For discussion purposes, we first standardize the stress levels as follows: Set ${X}_{i}=\frac{{S}_{i}-{S}_{q}}{{S}_{0}-{S}_{q}},i=0,1,2,\cdots ,q$, thus, we obtain $1={X}_{0}>{X}_{1}>\cdots >{X}_{q}=0$. The

advantage is that the range of stress change is limited to the interval $\left[0,1\right]$. The level of the threshold is then standardized as follows:

${Y}_{j}=\frac{{C}_{j}-{C}_{m}}{{C}_{0}-{C}_{m}},j=1,2,\cdots ,m$, then ${Y}_{0}=1$, ${Y}_{m}=0$. And all ${Y}_{j}$ are between 0 and 1.

Test assumption

1) Failure time follows lognormal distribution $LN\left(\mu ,{\sigma}^{2}\right)$ ;

2) Parameter $\mu $ is a linear function of test stress and degradation critical value (from Equation (1)), hence:

$\mu =\mu \left({X}_{i},{Y}_{j}\right)=\alpha +\beta {X}_{i}+\gamma {Y}_{j}$ (2)

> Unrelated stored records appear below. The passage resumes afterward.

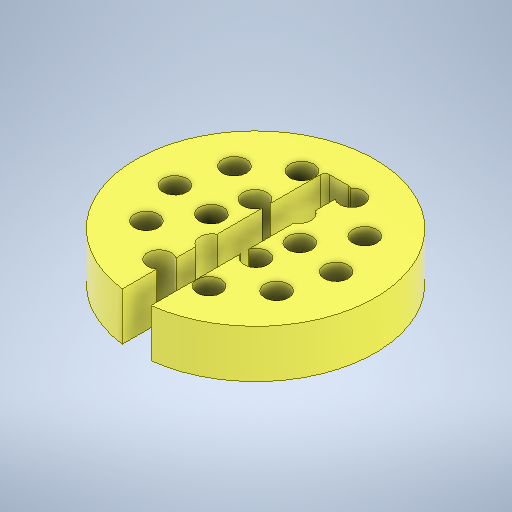
# Autodesk Inventor part: Filter_1
Saved by Autodesk Inventor 2025.2 (Build 292293000, 293)
## iProperties
Created: 2025-05-24
Part Number: Filter_1
Material: Steel
Document SubType Name: Modeling
Designer: Musa Gamal
Density: 7.85 g/cm^3
Appearance: Smooth - Yellow
Author: Musa Gamal
Autodesk Inventor part; units mm, degrees
ref_plane "YZ Plane" through (0, 0, 0) normal (1, 0, 0) x (0, 1, 0)
ref_plane "XZ Plane" through (0, 0, 0) normal (0, 1, 0) x (-1, 0, 0)
ref_plane "XY Plane" through (0, 0, 0) normal (0, 0, 1) x (1, 0, 0)
sketch "Sketch1" plane through (0, 0, 0) normal (0, 1, 0) x (-1, 0, 0)
  circle A0 centre (0, 0) radius 50
  circle A1 centre (10.7155, -10.4966) radius 5
  circle A2 centre (14.4481, 4.0316) radius 5
  circle A3 centre (3.7326, 14.5282) radius 5
  circle A4 centre (-10.7155, 10.4966) radius 5
  circle A5 centre (-14.4481, -4.0316) radius 5
  circle A6 centre (-3.7326, -14.5282) radius 5
  circle A7 centre (26.971, -18.1333) radius 5
  circle A8 centre (32.4785, 1.183) radius 5
  circle A9 centre (25.5803, 20.0474) radius 5
  circle A10 centre (8.9113, 31.2544) radius 5
  circle A11 centre (-11.1615, 30.5233) radius 5
  circle A12 centre (-26.971, 18.1333) radius 5
  circle A13 centre (-32.4785, -1.183) radius 5
  circle A14 centre (-25.5803, -20.0474) radius 5
  circle A15 centre (-8.9113, -31.2544) radius 5
  circle A16 centre (11.1615, -30.5233) radius 5
  dimension "d0" = 100
  dimension "d4" = 10
  dimension "d7" = 360
  dimension "d10" = 10
  dimension "d13" = 360
  constraints: 17 centre point, 1 coincident, 34 other
  measures "d0" diameter of A0
  measures "d4" diameter of A1
  measures "d10" diameter of A7
extrude "Extrusion1" add sketch "Sketch1" along normal blind 20
sketch "Sketch3" plane through (0, 20, 0) normal (0, 1, 0) x (1, 0, 0)
  line L0 (-6, 33) -> (-6, -55)
  line L1 (6, 33) -> (6, -55.679)
  line L2 (-4, 35) -> (4, 35)
  arc A0 (-4, 35) -> (-6, 33) centre (-4, 33) ccw
  arc A1 (6, 33) -> (4, 35) centre (4, 33) ccw
  circle A2 centre (0, 0) radius 50 projected
  circle A3 centre (-11.1615, 30.5233) radius 5 projected
  circle A4 centre (8.9113, 31.2544) radius 5 projected
  circle A5 centre (25.5803, 20.0474) radius 5 projected
  circle A6 centre (32.4785, 1.183) radius 5 projected
  circle A7 centre (26.971, -18.1333) radius 5 projected
  circle A8 centre (11.1615, -30.5233) radius 5 projected
  circle A9 centre (-8.9113, -31.2544) radius 5 projected
  circle A10 centre (-25.5803, -20.0474) radius 5 projected
  circle A11 centre (-32.4785, -1.183) radius 5 projected
  circle A12 centre (-26.971, 18.1333) radius 5 projected
  circle A13 centre (3.7326, 14.5282) radius 5 projected
  circle A14 centre (14.4481, 4.0316) radius 5 projected
  circle A15 centre (10.7155, -10.4966) radius 5 projected
  circle A16 centre (-3.7326, -14.5282) radius 5 projected
  circle A17 centre (-14.4481, -4.0316) radius 5 projected
  circle A18 centre (-10.7155, 10.4966) radius 5 projected
  point P0 (-6, 35)
  point P1 (0, 10)
  point P2 (-6, -10.0719)
  point P3 (-6, -18.9845)
  point P4 (-6, -49.6387)
  point P5 (6, -49.6387)
  point P6 (-6, -27.1894)
  point P7 (-6, -35.3194)
  point P8 (6, -12.1592)
  point P9 (6, -8.834)
  point P10 (0, 35)
  dimension "d26" = 6
  dimension "d27" = 90
  dimension "d28" = 12
  dimension "d29" = 2
  dimension "d30" = 2
  dimension "d34" = 35
  constraints: 6 end point, 4 point on circle, 4 tangent, 2 centre point, 2 point on line, 1 horizontal, 1 midpoint, 1 parallel, 1 vertical
  measures "d26" distance from line of point (0, 0) L0
  measures "d27" distance of point (-6, 35) L0.end
  measures "d28" distance between parallel lines of L0 L1
  measures "d29" radius of A0
  measures "d30" radius of A1
  measures "d34" distance of point (0, 0) point (0, 35)
extrude "Extrusion3" cut sketch "Sketch3" against normal through all contours A0 L2 A1 A4 L1 A13 A15 A2 L0 A9 A16 A18 | A18 L0 | L0 A18 | A16 L0 | L0 A16 | A4 L1 A1 | A1 L1 A4 | A9 L0 | L0 A9 | A13 L1 | L1 A13 | A15 L1 | L1 A15 | A3 | A5 | A6 | A7 | A8 | A10 | A11 | A12 | A14 | A17 picked at (2.6962, -31.0174)
body "Solid1"
Autodesk Fusion 360 part; units mm, degrees
note: some values were not read from the file. Chosen so that the rebuilt part matches the saved one: which bodies a step acts on; which pieces of a blend or face edit are solid. Set by a fixed rule: which sketch regions a step uses.
(part 3 of 4)
  spline S7 degree 5 poles (-3.4009, 1.0262) (-3.3954, 1.0308) (-3.3845, 1.0401) (-3.3681, 1.0541) (-3.3463, 1.0727) (-3.3193, 1.0962) (-3.2925, 1.1198) (-3.2658, 1.1434) (-3.2393, 1.1672) (-3.213, 1.191) (-3.1868, 1.215) (-3.1608, 1.239) (-3.135, 1.2632) (-3.1094, 1.2874) (-3.084, 1.3118) (-3.0587, 1.3362) (-3.0337, 1.3607) (-3.0088, 1.3854) (-2.9841, 1.4101) (-2.9595, 1.4349) (-2.9352, 1.4598) (-2.9111, 1.4848) (-2.8871, 1.5099) (-2.8634, 1.5352) (-2.8398, 1.5604) (-2.8165, 1.5858) (-2.7933, 1.6113) (-2.7703, 1.6369) (-2.7476, 1.6626) (-2.725, 1.6883) (-2.7027, 1.7142) (-2.6805, 1.7401) (-2.6586, 1.7662) (-2.6369, 1.7923) (-2.6154, 1.8185) (-2.5941, 1.8448) (-2.5731, 1.8713) (-2.5522, 1.8977) (-2.5316, 1.9243) (-2.5112, 1.951) (-2.491, 1.9778) (-2.4711, 2.0047) (-2.4514, 2.0316) (-2.432, 2.0587) (-2.4128, 2.0858) (-2.3939, 2.113) (-2.3751, 2.1403) (-2.3567, 2.1678) (-2.3385, 2.1953) (-2.3205, 2.2228) (-2.3029, 2.2505) (-2.2855, 2.2783) (-2.2684, 2.3062) (-2.2516, 2.3342) (-2.2352, 2.3622) (-2.219, 2.3904) (-2.203, 2.4187) (-2.1874, 2.447) (-2.172, 2.4754) (-2.157, 2.5039) (-2.1423, 2.5326) (-2.1281, 2.5613) (-2.1144, 2.5902) (-2.1011, 2.6192) (-2.0883, 2.6484) (-2.0758, 2.6776) (-2.0636, 2.7069) (-2.0515, 2.7362) (-2.0398, 2.7656) (-2.0288, 2.7952) (-2.0187, 2.825) (-2.0118, 2.8491) (-2.0073, 2.8674) (-2.0047, 2.8797) (-2.0035, 2.8858) knots -1 -1 -1 -1 -1 -1 -0.98571429 -0.97142857 -0.95714286 -0.94285714 -0.92857143 -0.91428571 -0.9 -0.88571429 -0.87142857 -0.85714286 -0.84285714 -0.82857143 -0.81428571 -0.8 -0.78571429 -0.77142857 -0.75714286 -0.74285714 -0.72857143 -0.71428571 -0.7 -0.68571429 -0.67142857 -0.65714286 -0.64285714 -0.62857143 -0.61428571 -0.6 -0.58571429 -0.57142857 -0.55714286 -0.54285714 -0.52857143 -0.51428571 -0.5 -0.48571429 -0.47142857 -0.45714286 -0.44285714 -0.42857143 -0.41428571 -0.4 -0.38571429 -0.37142857 -0.35714286 -0.34285714 -0.32857143 -0.31428571 -0.3 -0.28571429 -0.27142857 -0.25714286 -0.24285714 -0.22857143 -0.21428571 -0.2 -0.18571429 -0.17142857 -0.15714286 -0.14285714 -0.12857143 -0.11428571 -0.1 -0.08571429 -0.07142857 -0.05714286 -0.04285714 -0.02857143 -0.01428571 0 0 0 0 0 0
  line L7 (-2.0035, 2.8858) -> (-1.9517, 3.1488)
  arc A15 (-1.0746, 3.7888) -> (-1.9517, 3.1488) centre (-1.1668, 2.9941) ccw
  arc A16 (-1.0746, 3.7888) -> (-0.8753, 3.7678) centre (0, 13.0546) ccw
  arc A17 (-0.1505, 2.9594) -> (-0.8753, 3.7678) centre (-0.9504, 2.9714) ccw
  line L8 (-0.1505, 2.9594) -> (-0.1545, 2.6915)
  spline S8 degree 5 poles (-0.1545, 2.6915) (-0.1546, 2.6852) (-0.1546, 2.6727) (-0.154, 2.6538) (-0.1523, 2.6288) (-0.1486, 2.5976) (-0.1439, 2.5664) (-0.1386, 2.5352) (-0.133, 2.504) (-0.127, 2.4728) (-0.1209, 2.4416) (-0.1144, 2.4104) (-0.1075, 2.3793) (-0.1001, 2.3482) (-0.0922, 2.3171) (-0.0838, 2.286) (-0.075, 2.255) (-0.0659, 2.224) (-0.0564, 2.193) (-0.0467, 2.1621) (-0.0368, 2.1312) (-0.0265, 2.1003) (-0.0159, 2.0694) (-0.005, 2.0386) (0.0062, 2.0078) (0.0178, 1.9771) (0.0296, 1.9464) (0.0417, 1.9157) (0.054, 1.885) (0.0667, 1.8544) (0.0795, 1.8238) (0.0927, 1.7933) (0.1061, 1.7628) (0.1197, 1.7323) (0.1336, 1.7019) (0.1478, 1.6716) (0.1622, 1.6412) (0.1768, 1.6109) (0.1917, 1.5807) (0.2068, 1.5505) (0.2221, 1.5203) (0.2377, 1.4902) (0.2535, 1.4601) (0.2695, 1.4301) (0.2858, 1.4001) (0.3023, 1.3701) (0.319, 1.3403) (0.3359, 1.3104) (0.3531, 1.2806) (0.3704, 1.2509) (0.388, 1.2212) (0.4058, 1.1916) (0.4238, 1.162) (0.442, 1.1324) (0.4604, 1.1029) (0.479, 1.0735) (0.4978, 1.0441) (0.5168, 1.0148) (0.5361, 0.9855) (0.5555, 0.9563) (0.5751, 0.9272) (0.5949, 0.8981) (0.615, 0.869) (0.6352, 0.84) (0.6556, 0.8111) (0.6762, 0.7823) (0.697, 0.7534) (0.718, 0.7247) (0.7391, 0.696) (0.7605, 0.6674) (0.782, 0.6388) (0.7994, 0.616) (0.8126, 0.599) (0.8214, 0.5876) (0.8258, 0.5819) knots 0 0 0 0 0 0 0.01428571 0.02857143 0.04285714 0.05714286 0.07142857 0.08571429 0.1 0.11428571 0.12857143 0.14285714 0.15714286 0.17142857 0.18571429 0.2 0.21428571 0.22857143 0.24285714 0.25714286 0.27142857 0.28571429 0.3 0.31428571 0.32857143 0.34285714 0.35714286 0.37142857 0.38571429 0.4 0.41428571 0.42857143 0.44285714 0.45714286 0.47142857 0.48571429 0.5 0.51428571 0.52857143 0.54285714 0.55714286 0.57142857 0.58571429 0.6 0.61428571 0.62857143 0.64285714 0.65714286 0.67142857 0.68571429 0.7 0.71428571 0.72857143 0.74285714 0.75714286 0.77142857 0.78571429 0.8 0.81428571 0.82857143 0.84285714 0.85714286 0.87142857 0.88571429 0.9 0.91428571 0.92857143 0.94285714 0.95714286 0.97142857 0.98571429 1 1 1 1 1 1
  arc A18 (0.8258, 0.5819) -> (1.7855, 0.6828) centre (0, 13.0546) ccw
  spline S9 degree 5 poles (1.7855, 0.6828) (1.7886, 0.6893) (1.7949, 0.7022) (1.8042, 0.7216) (1.8164, 0.7476) (1.8316, 0.78) (1.8465, 0.8124) (1.8613, 0.8449) (1.8758, 0.8773) (1.8902, 0.9098) (1.9043, 0.9424) (1.9183, 0.9749) (1.932, 1.0075) (1.9455, 1.04) (1.9589, 1.0726) (1.972, 1.1052) (1.985, 1.1378) (1.9977, 1.1704) (2.0102, 1.2031) (2.0225, 1.2357) (2.0346, 1.2684) (2.0465, 1.3011) (2.0581, 1.3337) (2.0696, 1.3664) (2.0808, 1.3991) (2.0918, 1.4318) (2.1026, 1.4645) (2.1132, 1.4972) (2.1235, 1.5299) (2.1336, 1.5626) (2.1435, 1.5953) (2.1532, 1.628) (2.1627, 1.6608) (2.1719, 1.6935) (2.1808, 1.7262) (2.1896, 1.7589) (2.1981, 1.7915) (2.2063, 1.8242) (2.2144, 1.8569) (2.2221, 1.8896) (2.2297, 1.9222) (2.2369, 1.9549) (2.244, 1.9875) (2.2507, 2.0201) (2.2572, 2.0527) (2.2634, 2.0853) (2.2694, 2.1179) (2.2751, 2.1504) (2.2806, 2.1829) (2.2858, 2.2155) (2.2906, 2.2479) (2.2952, 2.2804) (2.2995, 2.3128) (2.3034, 2.3452) (2.3071, 2.3775) (2.3104, 2.4098) (2.3135, 2.4421) (2.3162, 2.4744) (2.3187, 2.5066) (2.3209, 2.5388) (2.3226, 2.5709) (2.3239, 2.6029) (2.3247, 2.6349) (2.325, 2.6668) (2.3248, 2.6987) (2.3244, 2.7304) (2.3236, 2.7622) (2.3227, 2.7939) (2.3214, 2.8255) (2.3195, 2.857) (2.3166, 2.8883) (2.3131, 2.9132) (2.3097, 2.9317) (2.3071, 2.944) (2.3057, 2.9501) knots -1 -1 -1 -1 -1 -1 -0.98571429 -0.97142857 -0.95714286 -0.94285714 -0.92857143 -0.91428571 -0.9 -0.88571429 -0.87142857 -0.85714286 -0.84285714 -0.82857143 -0.81428571 -0.8 -0.78571429 -0.77142857 -0.75714286 -0.74285714 -0.72857143 -0.71428571 -0.7 -0.68571429 -0.67142857 -0.65714286 -0.64285714 -0.62857143 -0.61428571 -0.6 -0.58571429 -0.57142857 -0.55714286 -0.54285714 -0.52857143 -0.51428571 -0.5 -0.48571429 -0.47142857 -0.45714286 -0.44285714 -0.42857143 -0.41428571 -0.4 -0.38571429 -0.37142857 -0.35714286 -0.34285714 -0.32857143 -0.31428571 -0.3 -0.28571429 -0.27142857 -0.25714286 -0.24285714 -0.22857143 -0.21428571 -0.2 -0.18571429 -0.17142857 -0.15714286 -0.14285714 -0.12857143 -0.11428571 -0.1 -0.08571429 -0.07142857 -0.05714286 -0.04285714 -0.02857143 -0.01428571 0 0 0 0 0 0
  line L9 (2.3057, 2.9501) -> (2.2461, 3.2113)
  arc A19 (2.787, 4.1528) -> (2.2461, 3.2113) centre (3.026, 3.3893) ccw
  arc A20 (2.787, 4.1528) -> (2.9776, 4.2147) centre (0, 13.0546) ccw
  arc A21 (3.9686, 3.771) -> (2.9776, 4.2147) centre (3.233, 3.4565) ccw
  line L10 (3.9686, 3.771) -> (4.0739, 3.5246)
  spline S10 degree 5 poles (4.0739, 3.5246) (4.0764, 3.5188) (4.0815, 3.5074) (4.0897, 3.4904) (4.1015, 3.4682) (4.1175, 3.4412) (4.1345, 3.4146) (4.152, 3.3882) (4.1699, 3.3621) (4.188, 3.336) (4.2063, 3.31) (4.2249, 3.2841) (4.2438, 3.2585) (4.2633, 3.2331) (4.2831, 3.2079) (4.3034, 3.1829) (4.3241, 3.1582) (4.345, 3.1336) (4.3662, 3.1091) (4.3877, 3.0848) (4.4094, 3.0606) (4.4313, 3.0366) (4.4536, 3.0127) (4.4761, 2.989) (4.4988, 2.9654) (4.5219, 2.942) (4.5452, 2.9188) (4.5687, 2.8956) (4.5924, 2.8727) (4.6164, 2.8498) (4.6406, 2.8271) (4.665, 2.8046) (4.6897, 2.7822) (4.7145, 2.7599) (4.7396, 2.7378) (4.7649, 2.7158) (4.7904, 2.6939) (4.8161, 2.6722) (4.842, 2.6506) (4.8681, 2.6292) (4.8944, 2.6078) (4.9208, 2.5867) (4.9475, 2.5656) (4.9744, 2.5447) (5.0014, 2.5239) (5.0287, 2.5033) (5.0561, 2.4828) (5.0837, 2.4624) (5.1115, 2.4421) (5.1394, 2.422) (5.1675, 2.4021) (5.1958, 2.3822) (5.2243, 2.3625) (5.2529, 2.3429) (5.2818, 2.3235) (5.3107, 2.3042) (5.3399, 2.285) (5.3692, 2.2659) (5.3987, 2.247) (5.4283, 2.2282) (5.4581, 2.2096) (5.488, 2.191) (5.5181, 2.1727) (5.5484, 2.1544) (5.5788, 2.1363) (5.6093, 2.1183) (5.6401, 2.1004) (5.6709, 2.0827) (5.7019, 2.0651) (5.7331, 2.0476) (5.7644, 2.0303) (5.7895, 2.0166) (5.8085, 2.0063) (5.8211, 1.9995) (5.8275, 1.9961) knots 0 0 0 0 0 0 0.01428571 0.02857143 0.04285714 0.05714286 0.07142857 0.08571429 0.1 0.11428571 0.12857143 0.14285714 0.15714286 0.17142857 0.18571429 0.2 0.21428571 0.22857143 0.24285714 0.25714286 0.27142857 0.28571429 0.3 0.31428571 0.32857143 0.34285714 0.35714286 0.37142857 0.38571429 0.4 0.41428571 0.42857143 0.44285714 0.45714286 0.47142857 0.48571429 0.5 0.51428571 0.52857143 0.54285714 0.55714286 0.57142857 0.58571429 0.6 0.61428571 0.62857143 0.64285714 0.65714286 0.67142857 0.68571429 0.7 0.71428571 0.72857143 0.74285714 0.75714286 0.77142857 0.78571429 0.8 0.81428571 0.82857143 0.84285714 0.85714286 0.87142857 0.88571429 0.9 0.91428571 0.92857143 0.94285714 0.95714286 0.97142857 0.98571429 1 1 1 1 1 1
  arc A22 (5.8275, 1.9961) -> (6.6632, 2.4786) centre (0, 13.0546) ccw
  spline S11 degree 5 poles (6.6632, 2.4786) (6.6634, 2.4858) (6.6639, 2.5002) (6.6645, 2.5217) (6.6651, 2.5504) (6.6658, 2.5861) (6.6662, 2.6218) (6.6665, 2.6575) (6.6666, 2.6931) (6.6665, 2.7286) (6.6662, 2.7641) (6.6657, 2.7995) (6.665, 2.8348) (6.6641, 2.8701) (6.6631, 2.9053) (6.6618, 2.9404) (6.6603, 2.9754) (6.6587, 3.0104) (6.6568, 3.0453) (6.6548, 3.0801) (6.6526, 3.1149) (6.6501, 3.1496) (6.6475, 3.1842) (6.6447, 3.2187) (6.6416, 3.2531) (6.6384, 3.2875) (6.6349, 3.3217) (6.6313, 3.3559) (6.6274, 3.39) (6.6234, 3.424) (6.6191, 3.4579) (6.6147, 3.4917) (6.61, 3.5254) (6.6051, 3.5591) (6.6, 3.5926) (6.5947, 3.626) (6.5891, 3.6593) (6.5834, 3.6926) (6.5774, 3.7257) (6.5713, 3.7587) (6.5649, 3.7916) (6.5582, 3.8243) (6.5514, 3.857) (6.5443, 3.8896) (6.5369, 3.922) (6.5294, 3.9543) (6.5216, 3.9865) (6.5136, 4.0185) (6.5053, 4.0505) (6.4968, 4.0822) (6.4881, 4.1139) (6.4791, 4.1454) (6.4698, 4.1768) (6.4602, 4.2079) (6.4504, 4.239) (6.4403, 4.2699) (6.4299, 4.3006) (6.4194, 4.3312) (6.4085, 4.3616) (6.3974, 4.3919) (6.3859, 4.4219) (6.3741, 4.4517) (6.3618, 4.4813) (6.3491, 4.5105) (6.336, 4.5396) (6.3226, 4.5684) (6.3091, 4.5971) (6.2953, 4.6257) (6.2813, 4.654) (6.2667, 4.682) (6.2513, 4.7095) (6.238, 4.7307) (6.2274, 4.7463) (6.22, 4.7564) (6.2162, 4.7615) knots -1 -1 -1 -1 -1 -1 -0.98571429 -0.97142857 -0.95714286 -0.94285714 -0.92857143 -0.91428571 -0.9 -0.88571429 -0.87142857 -0.85714286 -0.84285714 -0.82857143 -0.81428571 -0.8 -0.78571429 -0.77142857 -0.75714286 -0.74285714 -0.72857143 -0.71428571 -0.7 -0.68571429 -0.67142857 -0.65714286 -0.64285714 -0.62857143 -0.61428571 -0.6 -0.58571429 -0.57142857 -0.55714286 -0.54285714 -0.52857143 -0.51428571 -0.5 -0.48571429 -0.47142857 -0.45714286 -0.44285714 -0.42857143 -0.41428571 -0.4 -0.38571429 -0.37142857 -0.35714286 -0.34285714 -0.32857143 -0.31428571 -0.3 -0.28571429 -0.27142857 -0.25714286 -0.24285714 -0.22857143 -0.21428571 -0.2 -0.18571429 -0.17142857 -0.15714286 -0.14285714 -0.12857143 -0.11428571 -0.1 -0.08571429 -0.07142857 -0.05714286 -0.04285714 -0.02857143 -0.01428571 0 0 0 0 0 0
  line L11 (6.2162, 4.7615) -> (6.0555, 4.9759)
  arc A23 (6.1668, 6.0559) -> (6.0555, 4.9759) centre (6.6957, 5.4557) ccw
  arc A24 (6.1668, 6.0559) -> (6.3157, 6.1901) centre (0, 13.0546) ccw
  arc A25 (7.4015, 6.1878) -> (6.3157, 6.1901) centre (6.8574, 5.6013) ccw
  line L12 (7.4015, 6.1878) -> (7.5979, 6.0055)
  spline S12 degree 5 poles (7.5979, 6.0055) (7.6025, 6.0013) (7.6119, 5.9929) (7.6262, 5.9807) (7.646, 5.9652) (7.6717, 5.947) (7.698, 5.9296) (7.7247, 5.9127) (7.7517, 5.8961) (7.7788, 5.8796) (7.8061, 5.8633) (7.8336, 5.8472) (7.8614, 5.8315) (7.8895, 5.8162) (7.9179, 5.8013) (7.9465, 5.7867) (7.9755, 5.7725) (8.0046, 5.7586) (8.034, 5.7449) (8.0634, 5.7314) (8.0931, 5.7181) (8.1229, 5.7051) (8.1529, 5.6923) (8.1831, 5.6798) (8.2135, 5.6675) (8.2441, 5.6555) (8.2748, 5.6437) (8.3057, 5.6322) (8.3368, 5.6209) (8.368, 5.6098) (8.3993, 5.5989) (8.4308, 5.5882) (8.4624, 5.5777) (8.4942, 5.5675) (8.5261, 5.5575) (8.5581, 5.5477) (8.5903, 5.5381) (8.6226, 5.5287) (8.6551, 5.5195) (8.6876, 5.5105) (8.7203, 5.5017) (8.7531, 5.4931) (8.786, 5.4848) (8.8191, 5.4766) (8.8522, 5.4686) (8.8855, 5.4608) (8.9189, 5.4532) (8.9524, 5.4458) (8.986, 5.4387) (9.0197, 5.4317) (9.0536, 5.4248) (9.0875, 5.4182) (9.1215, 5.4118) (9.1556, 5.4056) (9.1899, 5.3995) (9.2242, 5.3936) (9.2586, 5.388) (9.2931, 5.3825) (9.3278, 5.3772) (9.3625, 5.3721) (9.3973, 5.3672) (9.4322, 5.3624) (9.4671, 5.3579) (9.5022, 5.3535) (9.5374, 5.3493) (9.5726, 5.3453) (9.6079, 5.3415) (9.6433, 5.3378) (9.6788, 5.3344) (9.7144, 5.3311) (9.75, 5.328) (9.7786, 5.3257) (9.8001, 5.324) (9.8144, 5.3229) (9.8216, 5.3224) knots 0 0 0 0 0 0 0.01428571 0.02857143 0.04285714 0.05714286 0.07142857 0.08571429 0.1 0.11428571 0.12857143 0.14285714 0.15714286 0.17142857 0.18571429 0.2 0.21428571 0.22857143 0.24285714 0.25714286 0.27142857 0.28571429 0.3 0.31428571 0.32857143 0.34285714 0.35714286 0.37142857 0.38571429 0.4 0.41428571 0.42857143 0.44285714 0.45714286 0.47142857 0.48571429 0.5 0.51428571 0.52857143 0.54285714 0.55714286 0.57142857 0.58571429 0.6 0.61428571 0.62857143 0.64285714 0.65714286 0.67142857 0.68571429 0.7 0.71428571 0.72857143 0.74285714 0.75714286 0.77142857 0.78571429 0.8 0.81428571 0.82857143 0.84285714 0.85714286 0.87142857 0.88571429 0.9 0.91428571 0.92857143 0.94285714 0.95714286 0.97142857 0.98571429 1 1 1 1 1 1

3) The parameters $\sigma $ do not change with the change of test stress and degradation critical value.

3.2. Optimization Design Model

In the above case, we hope to arrange the experiment based on some standards, so that the experiment can be optimized to a certain extent. Here, the experiment is arranged by minimizing the estimated asymptotic variance $AVar\left(\stackrel{^}{\mu}\left(1,1\right)\right)$ of the parameters $\mu $ in the normal environment (the stress level is taken ${X}_{0}=1$, while the degradation critical value is taken ${Y}_{0}=1$).

Maximum likelihood estimation of model parameters:

According to the experimental description and assumption, at a sample observation value, its log likelihood function is

${L}_{i,j,k}={I}_{i,j,k}\left(-\frac{1}{2}\mathrm{ln}\left(2\pi \right)-\mathrm{ln}\sigma -\frac{1}{2}{z}_{i,j,k}^{2}\right)+\left(1-{I}_{i,j,k}\right)\mathrm{ln}\left(1-\Phi \left({\eta}_{i,j}\right)\right)$

where ${z}_{i,j,k}={t}_{i,j,k}-\alpha -\beta {X}_{i}-\gamma {Y}_{j}$, ${\eta}_{i,j}={\tau}_{i}-\alpha -\beta {X}_{i}-\gamma {Y}_{j}$.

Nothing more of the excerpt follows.